Oursler spent much of his time during WWII as a radio broadcaster and in 1944 became senior editor of The Reader's Digest.  During his literary career he wrote or collaborated on 30 books, the most famous being the highly successful "The Greatest Story Ever Told" (1949) a modern retelling of the New Testament.  The book was acclaimed by all religions and sold over 2 million copies.  He also wrote "Why I Know There Is a God" (1950), "A Child's Life of Jesus" (1951), "The Greatest Book Ever Written" (1951), and the posthumously published "The Greatest Faith Ever Known" (1953).  Oursler was also a screenwriter, ventriloquist, critic, psychic investigator, and undercover agent of the FBI.  His article "The Perfect Case" that he wrote for The Reader's Digest concerned the true-crime murder of a Connecticut priest in 1920 that involved Homer Cummings as district attorney who used his office to determine the innocence of the man accused of the crime.  Cummings went to become Attorney General under FDR and the story was filmed by Elia Kazan as "Boomerang" with Dana Andrews, Lee J. Cobb, and Jane Wyatt.  Oursler died in NYC in 1952 of a heart attack.  He'd been married twice and one of his four children, Will Oursler, wrote mystery novels during the 1940s.

FILMS

"The Night Club Lady" Columbia, 1932.  Adolphe Menjou (Colt), Skeets Gallagher, Ruth Stevens, Nat Pendleton.  Director: Irving Cummings.  The young woman owner of a nightclub receives a death threat that she will die a minute after midnight.  And she does, surrounded by police.

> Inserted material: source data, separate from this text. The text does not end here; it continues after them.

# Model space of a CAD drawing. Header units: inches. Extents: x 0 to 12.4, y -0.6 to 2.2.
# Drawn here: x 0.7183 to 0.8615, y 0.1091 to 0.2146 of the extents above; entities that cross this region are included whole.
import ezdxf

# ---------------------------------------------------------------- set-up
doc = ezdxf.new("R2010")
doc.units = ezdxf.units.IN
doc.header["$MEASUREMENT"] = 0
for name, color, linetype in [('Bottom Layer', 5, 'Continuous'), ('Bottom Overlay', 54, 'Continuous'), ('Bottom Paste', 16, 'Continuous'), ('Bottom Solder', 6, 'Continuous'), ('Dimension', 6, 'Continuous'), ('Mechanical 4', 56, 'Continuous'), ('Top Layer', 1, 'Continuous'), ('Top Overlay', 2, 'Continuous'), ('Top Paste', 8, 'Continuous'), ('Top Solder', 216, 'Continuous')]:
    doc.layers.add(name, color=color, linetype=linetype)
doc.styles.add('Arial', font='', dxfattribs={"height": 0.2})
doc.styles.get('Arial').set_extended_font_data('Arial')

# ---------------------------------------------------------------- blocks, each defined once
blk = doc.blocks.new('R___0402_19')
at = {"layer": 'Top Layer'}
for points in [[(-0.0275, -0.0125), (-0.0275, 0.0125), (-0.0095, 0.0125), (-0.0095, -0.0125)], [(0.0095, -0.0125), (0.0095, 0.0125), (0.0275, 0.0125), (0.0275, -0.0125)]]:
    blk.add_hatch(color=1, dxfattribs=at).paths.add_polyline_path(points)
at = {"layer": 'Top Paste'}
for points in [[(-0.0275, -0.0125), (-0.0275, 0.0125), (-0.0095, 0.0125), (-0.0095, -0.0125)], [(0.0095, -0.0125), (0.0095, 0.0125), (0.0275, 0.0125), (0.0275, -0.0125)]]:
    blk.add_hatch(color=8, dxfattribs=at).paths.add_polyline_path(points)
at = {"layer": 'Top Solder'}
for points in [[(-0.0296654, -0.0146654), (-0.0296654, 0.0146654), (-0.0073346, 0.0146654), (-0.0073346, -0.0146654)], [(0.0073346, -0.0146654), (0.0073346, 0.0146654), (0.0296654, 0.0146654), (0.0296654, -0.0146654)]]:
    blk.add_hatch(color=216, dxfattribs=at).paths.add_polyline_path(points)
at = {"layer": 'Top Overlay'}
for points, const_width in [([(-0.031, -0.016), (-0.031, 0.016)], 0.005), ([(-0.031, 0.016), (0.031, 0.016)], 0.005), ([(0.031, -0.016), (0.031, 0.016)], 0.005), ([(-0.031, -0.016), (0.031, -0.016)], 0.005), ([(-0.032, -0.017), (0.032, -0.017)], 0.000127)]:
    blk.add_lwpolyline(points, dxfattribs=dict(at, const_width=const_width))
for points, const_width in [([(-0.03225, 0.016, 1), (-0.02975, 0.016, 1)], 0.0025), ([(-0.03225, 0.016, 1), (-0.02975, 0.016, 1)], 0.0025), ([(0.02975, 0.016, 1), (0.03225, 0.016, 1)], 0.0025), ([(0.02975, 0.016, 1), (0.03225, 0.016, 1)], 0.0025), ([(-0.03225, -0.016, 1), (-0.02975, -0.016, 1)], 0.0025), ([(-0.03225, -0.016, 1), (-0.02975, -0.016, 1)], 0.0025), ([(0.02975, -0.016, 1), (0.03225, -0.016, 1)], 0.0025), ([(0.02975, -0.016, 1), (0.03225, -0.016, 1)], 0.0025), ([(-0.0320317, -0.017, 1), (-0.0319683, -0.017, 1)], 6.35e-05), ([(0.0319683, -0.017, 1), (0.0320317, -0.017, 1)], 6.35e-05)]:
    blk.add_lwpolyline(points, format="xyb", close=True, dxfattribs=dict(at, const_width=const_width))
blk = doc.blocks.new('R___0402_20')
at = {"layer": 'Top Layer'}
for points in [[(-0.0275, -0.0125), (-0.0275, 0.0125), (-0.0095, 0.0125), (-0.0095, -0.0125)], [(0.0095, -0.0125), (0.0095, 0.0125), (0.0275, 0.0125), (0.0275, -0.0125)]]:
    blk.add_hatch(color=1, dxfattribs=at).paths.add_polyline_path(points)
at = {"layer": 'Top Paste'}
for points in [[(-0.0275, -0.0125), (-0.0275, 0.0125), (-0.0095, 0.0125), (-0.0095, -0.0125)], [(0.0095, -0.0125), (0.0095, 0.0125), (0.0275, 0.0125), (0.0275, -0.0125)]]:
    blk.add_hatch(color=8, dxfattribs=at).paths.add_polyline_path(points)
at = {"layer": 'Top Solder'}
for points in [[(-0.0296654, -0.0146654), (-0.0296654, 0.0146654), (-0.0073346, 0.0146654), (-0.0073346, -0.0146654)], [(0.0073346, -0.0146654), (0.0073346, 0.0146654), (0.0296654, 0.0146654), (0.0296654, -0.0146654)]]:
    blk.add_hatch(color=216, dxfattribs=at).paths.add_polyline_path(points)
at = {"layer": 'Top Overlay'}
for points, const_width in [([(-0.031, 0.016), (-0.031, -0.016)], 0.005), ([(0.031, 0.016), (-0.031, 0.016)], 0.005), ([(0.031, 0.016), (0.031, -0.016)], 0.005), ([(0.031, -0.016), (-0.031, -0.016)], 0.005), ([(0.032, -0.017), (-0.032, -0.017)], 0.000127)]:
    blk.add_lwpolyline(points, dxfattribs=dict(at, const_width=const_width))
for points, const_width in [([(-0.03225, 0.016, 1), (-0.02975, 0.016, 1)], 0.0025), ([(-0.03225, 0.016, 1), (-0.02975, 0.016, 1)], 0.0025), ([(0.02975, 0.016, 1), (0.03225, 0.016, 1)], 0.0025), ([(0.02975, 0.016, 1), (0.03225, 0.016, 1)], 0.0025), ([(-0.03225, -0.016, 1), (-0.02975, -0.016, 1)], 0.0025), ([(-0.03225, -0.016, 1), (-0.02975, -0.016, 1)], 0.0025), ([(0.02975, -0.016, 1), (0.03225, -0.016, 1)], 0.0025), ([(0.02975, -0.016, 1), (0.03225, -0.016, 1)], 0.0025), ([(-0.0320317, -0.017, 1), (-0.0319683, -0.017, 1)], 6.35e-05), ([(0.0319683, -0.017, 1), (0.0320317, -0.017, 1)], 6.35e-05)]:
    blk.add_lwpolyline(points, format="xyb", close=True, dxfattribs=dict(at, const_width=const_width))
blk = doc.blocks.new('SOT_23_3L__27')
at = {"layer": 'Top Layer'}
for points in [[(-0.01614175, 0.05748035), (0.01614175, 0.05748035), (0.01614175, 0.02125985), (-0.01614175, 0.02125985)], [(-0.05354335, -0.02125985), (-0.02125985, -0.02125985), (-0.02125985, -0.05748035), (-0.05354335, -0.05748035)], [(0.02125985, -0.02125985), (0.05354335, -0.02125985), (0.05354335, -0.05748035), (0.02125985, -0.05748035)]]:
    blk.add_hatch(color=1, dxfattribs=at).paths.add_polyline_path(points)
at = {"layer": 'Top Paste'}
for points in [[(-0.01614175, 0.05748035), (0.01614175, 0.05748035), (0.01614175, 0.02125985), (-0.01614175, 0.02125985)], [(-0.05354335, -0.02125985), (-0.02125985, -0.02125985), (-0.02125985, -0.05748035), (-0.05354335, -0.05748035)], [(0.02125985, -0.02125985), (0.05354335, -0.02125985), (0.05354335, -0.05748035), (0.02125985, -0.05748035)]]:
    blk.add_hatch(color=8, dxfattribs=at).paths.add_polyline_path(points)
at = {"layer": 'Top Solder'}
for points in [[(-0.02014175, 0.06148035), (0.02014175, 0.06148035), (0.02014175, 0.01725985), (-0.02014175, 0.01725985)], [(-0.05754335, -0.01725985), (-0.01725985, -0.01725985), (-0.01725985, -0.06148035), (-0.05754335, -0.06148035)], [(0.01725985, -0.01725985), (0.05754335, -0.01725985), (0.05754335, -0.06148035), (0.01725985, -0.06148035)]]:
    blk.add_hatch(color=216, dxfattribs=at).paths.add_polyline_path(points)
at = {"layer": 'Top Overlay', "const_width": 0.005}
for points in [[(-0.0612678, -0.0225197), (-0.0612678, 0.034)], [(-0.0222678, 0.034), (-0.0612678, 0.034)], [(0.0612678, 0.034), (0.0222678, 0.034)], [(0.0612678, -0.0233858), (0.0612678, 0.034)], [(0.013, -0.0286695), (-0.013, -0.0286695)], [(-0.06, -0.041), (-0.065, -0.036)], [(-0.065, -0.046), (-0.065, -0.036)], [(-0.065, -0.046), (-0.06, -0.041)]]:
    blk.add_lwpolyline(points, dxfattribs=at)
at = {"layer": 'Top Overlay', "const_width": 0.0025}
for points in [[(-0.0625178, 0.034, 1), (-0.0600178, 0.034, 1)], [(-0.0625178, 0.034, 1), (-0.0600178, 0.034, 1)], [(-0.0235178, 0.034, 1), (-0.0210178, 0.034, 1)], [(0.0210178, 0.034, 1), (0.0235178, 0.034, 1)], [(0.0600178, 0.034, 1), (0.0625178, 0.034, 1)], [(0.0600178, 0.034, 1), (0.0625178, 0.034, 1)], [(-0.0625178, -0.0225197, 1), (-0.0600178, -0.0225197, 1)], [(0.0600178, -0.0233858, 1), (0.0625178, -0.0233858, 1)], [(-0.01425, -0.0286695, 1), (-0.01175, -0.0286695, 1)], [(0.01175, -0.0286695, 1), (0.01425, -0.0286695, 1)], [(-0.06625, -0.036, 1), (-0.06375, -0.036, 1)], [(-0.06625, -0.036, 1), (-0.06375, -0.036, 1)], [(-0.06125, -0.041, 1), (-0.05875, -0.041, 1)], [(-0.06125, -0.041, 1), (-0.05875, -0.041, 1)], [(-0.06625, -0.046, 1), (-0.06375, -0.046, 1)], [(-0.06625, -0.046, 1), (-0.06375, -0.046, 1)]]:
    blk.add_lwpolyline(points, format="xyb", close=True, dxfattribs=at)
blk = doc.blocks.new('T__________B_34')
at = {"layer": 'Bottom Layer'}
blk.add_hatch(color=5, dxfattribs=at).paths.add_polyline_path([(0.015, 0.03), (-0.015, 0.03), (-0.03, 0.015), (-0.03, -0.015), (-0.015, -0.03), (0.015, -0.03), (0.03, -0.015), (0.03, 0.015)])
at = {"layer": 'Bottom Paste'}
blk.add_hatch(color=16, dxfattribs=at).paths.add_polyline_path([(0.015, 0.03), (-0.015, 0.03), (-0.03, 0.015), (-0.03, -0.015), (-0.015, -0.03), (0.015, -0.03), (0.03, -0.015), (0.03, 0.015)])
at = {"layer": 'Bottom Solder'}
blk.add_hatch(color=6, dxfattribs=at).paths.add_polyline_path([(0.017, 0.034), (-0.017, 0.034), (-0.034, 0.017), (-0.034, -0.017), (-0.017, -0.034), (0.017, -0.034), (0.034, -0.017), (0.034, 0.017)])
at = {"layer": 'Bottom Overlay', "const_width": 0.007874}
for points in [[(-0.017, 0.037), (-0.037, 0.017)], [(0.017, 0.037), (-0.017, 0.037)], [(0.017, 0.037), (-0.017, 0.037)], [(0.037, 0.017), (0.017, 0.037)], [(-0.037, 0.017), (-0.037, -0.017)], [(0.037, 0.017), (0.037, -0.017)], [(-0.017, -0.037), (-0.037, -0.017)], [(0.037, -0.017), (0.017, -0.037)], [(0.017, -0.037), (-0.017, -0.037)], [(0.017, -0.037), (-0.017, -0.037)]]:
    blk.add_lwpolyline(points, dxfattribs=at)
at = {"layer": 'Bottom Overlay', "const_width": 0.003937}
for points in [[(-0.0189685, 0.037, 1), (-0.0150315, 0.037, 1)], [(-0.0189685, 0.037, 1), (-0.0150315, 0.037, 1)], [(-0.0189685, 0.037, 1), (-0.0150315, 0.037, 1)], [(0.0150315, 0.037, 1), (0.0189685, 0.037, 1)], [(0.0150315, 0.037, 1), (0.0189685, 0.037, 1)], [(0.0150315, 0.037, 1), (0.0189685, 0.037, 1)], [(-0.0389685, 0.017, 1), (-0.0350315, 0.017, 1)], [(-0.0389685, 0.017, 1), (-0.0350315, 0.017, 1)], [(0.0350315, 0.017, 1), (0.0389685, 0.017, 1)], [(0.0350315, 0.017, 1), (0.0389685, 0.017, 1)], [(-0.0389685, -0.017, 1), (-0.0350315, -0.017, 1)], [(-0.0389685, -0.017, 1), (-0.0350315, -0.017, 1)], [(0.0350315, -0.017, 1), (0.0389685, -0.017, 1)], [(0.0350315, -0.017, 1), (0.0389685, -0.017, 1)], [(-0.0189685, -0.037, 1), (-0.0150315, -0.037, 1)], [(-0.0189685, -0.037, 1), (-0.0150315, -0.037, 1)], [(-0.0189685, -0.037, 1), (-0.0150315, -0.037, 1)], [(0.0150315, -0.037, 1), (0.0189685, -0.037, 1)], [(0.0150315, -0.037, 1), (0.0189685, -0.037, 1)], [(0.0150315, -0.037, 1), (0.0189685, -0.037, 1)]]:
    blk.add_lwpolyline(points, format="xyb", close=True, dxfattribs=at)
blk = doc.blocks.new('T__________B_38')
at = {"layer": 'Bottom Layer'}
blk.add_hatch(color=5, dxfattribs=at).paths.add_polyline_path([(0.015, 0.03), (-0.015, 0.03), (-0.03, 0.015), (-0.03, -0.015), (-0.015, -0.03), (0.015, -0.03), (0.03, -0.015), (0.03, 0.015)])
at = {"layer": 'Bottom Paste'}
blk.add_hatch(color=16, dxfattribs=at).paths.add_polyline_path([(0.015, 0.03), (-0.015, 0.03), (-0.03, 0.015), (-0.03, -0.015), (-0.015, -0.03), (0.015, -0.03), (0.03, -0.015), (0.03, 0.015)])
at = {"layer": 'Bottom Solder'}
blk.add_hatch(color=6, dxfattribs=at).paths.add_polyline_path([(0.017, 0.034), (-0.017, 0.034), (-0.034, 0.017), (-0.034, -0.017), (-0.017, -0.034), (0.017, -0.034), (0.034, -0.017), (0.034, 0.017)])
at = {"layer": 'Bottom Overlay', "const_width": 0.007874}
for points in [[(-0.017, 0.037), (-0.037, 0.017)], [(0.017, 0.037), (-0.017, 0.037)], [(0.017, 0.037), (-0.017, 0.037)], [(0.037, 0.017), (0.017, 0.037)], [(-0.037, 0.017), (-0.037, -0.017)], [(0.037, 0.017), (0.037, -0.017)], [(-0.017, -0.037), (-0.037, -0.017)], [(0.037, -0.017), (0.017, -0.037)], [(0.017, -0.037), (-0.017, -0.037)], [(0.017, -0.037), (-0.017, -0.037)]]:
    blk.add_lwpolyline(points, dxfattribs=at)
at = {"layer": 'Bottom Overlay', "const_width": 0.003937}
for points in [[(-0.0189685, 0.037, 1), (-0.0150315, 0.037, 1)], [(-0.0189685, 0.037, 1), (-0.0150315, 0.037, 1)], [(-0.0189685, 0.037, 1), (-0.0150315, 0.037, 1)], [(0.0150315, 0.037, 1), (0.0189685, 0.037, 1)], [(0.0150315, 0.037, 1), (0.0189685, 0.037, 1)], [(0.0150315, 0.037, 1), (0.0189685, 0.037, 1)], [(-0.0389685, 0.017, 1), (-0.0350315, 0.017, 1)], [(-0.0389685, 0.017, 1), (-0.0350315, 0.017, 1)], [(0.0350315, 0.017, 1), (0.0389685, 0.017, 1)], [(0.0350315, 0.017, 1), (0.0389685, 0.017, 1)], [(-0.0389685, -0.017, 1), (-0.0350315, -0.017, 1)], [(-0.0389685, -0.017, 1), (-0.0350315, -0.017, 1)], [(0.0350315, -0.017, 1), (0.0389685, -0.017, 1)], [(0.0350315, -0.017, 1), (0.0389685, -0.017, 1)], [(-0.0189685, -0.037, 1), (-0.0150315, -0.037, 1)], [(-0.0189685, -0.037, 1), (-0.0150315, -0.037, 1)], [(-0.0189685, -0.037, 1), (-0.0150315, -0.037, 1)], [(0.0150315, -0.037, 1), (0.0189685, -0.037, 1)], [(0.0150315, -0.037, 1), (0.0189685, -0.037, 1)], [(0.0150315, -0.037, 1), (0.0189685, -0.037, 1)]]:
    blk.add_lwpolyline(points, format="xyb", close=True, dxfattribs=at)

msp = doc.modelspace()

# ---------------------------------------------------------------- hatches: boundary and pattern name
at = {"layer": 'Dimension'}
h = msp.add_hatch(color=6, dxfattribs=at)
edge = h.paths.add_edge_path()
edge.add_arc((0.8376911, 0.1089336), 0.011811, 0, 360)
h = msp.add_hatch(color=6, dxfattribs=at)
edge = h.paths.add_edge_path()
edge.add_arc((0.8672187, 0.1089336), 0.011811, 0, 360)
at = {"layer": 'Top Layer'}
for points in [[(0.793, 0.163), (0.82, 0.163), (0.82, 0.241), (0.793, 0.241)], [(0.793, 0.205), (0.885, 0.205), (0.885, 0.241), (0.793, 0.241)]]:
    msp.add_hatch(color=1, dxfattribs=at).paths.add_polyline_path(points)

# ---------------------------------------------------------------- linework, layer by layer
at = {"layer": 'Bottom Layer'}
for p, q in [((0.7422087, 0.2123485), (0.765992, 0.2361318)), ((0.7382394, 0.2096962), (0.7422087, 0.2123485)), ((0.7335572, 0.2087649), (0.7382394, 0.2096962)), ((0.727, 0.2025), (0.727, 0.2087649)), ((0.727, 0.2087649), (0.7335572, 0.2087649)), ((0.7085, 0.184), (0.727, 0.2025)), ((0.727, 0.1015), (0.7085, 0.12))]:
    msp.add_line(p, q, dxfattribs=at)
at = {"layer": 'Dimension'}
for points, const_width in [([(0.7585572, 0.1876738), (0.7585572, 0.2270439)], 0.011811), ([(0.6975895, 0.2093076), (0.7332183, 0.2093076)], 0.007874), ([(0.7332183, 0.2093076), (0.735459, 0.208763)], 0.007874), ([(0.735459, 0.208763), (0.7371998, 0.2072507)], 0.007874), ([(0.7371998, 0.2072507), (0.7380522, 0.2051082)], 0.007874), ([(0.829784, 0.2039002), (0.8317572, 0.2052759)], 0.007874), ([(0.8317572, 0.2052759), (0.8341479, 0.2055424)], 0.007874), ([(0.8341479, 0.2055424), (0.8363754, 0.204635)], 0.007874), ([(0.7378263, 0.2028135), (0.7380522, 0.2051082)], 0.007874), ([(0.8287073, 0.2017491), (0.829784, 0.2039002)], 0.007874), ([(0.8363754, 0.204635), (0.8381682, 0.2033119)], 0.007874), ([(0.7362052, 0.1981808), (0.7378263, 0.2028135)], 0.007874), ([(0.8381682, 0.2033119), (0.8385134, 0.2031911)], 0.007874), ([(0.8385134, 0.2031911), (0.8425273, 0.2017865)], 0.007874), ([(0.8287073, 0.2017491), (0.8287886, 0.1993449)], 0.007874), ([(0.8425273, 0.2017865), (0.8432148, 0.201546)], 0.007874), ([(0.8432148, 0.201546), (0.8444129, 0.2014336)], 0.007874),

"The Circus Queen Murder" Columbia, 1933.  Menjou, Greta Nissen, Donald Woods, Dwight Frye.  Director: Roy William Neill.  On vacation in a small circus town, Colt cannot prevent the death of a trapeze artist when she is shot by a poisoned arrow while on the high wire.

"The Panther's Claw" PRC, 1942.  Sidney Blackmer (Colt), Byron Foulger, Gerta Rozen, Barry Bernard.  Director: William Beaudine.  Based on an original story by Abbott.  Members of an operatic troupe receive mysterious notes directing them to large sums of money in a cemetery.

RADIO

Hanley Stafford, with his gravelly voice, played the Police Commissioner in the series "Thatcher Colt" heard on NBC from September 27, 1936 through April 3, 1938.  The half-hour drama was sponsored by Packer Soap.  Unfortunately, no known episodes still exist.

"Murder Clinic" was an anthology series aired on the Mutual Broadcasting Service, and each week a different mystery story would be dramatized.  "The Perfect Crime of Mr. Digberry" was aired on November 24, 1942.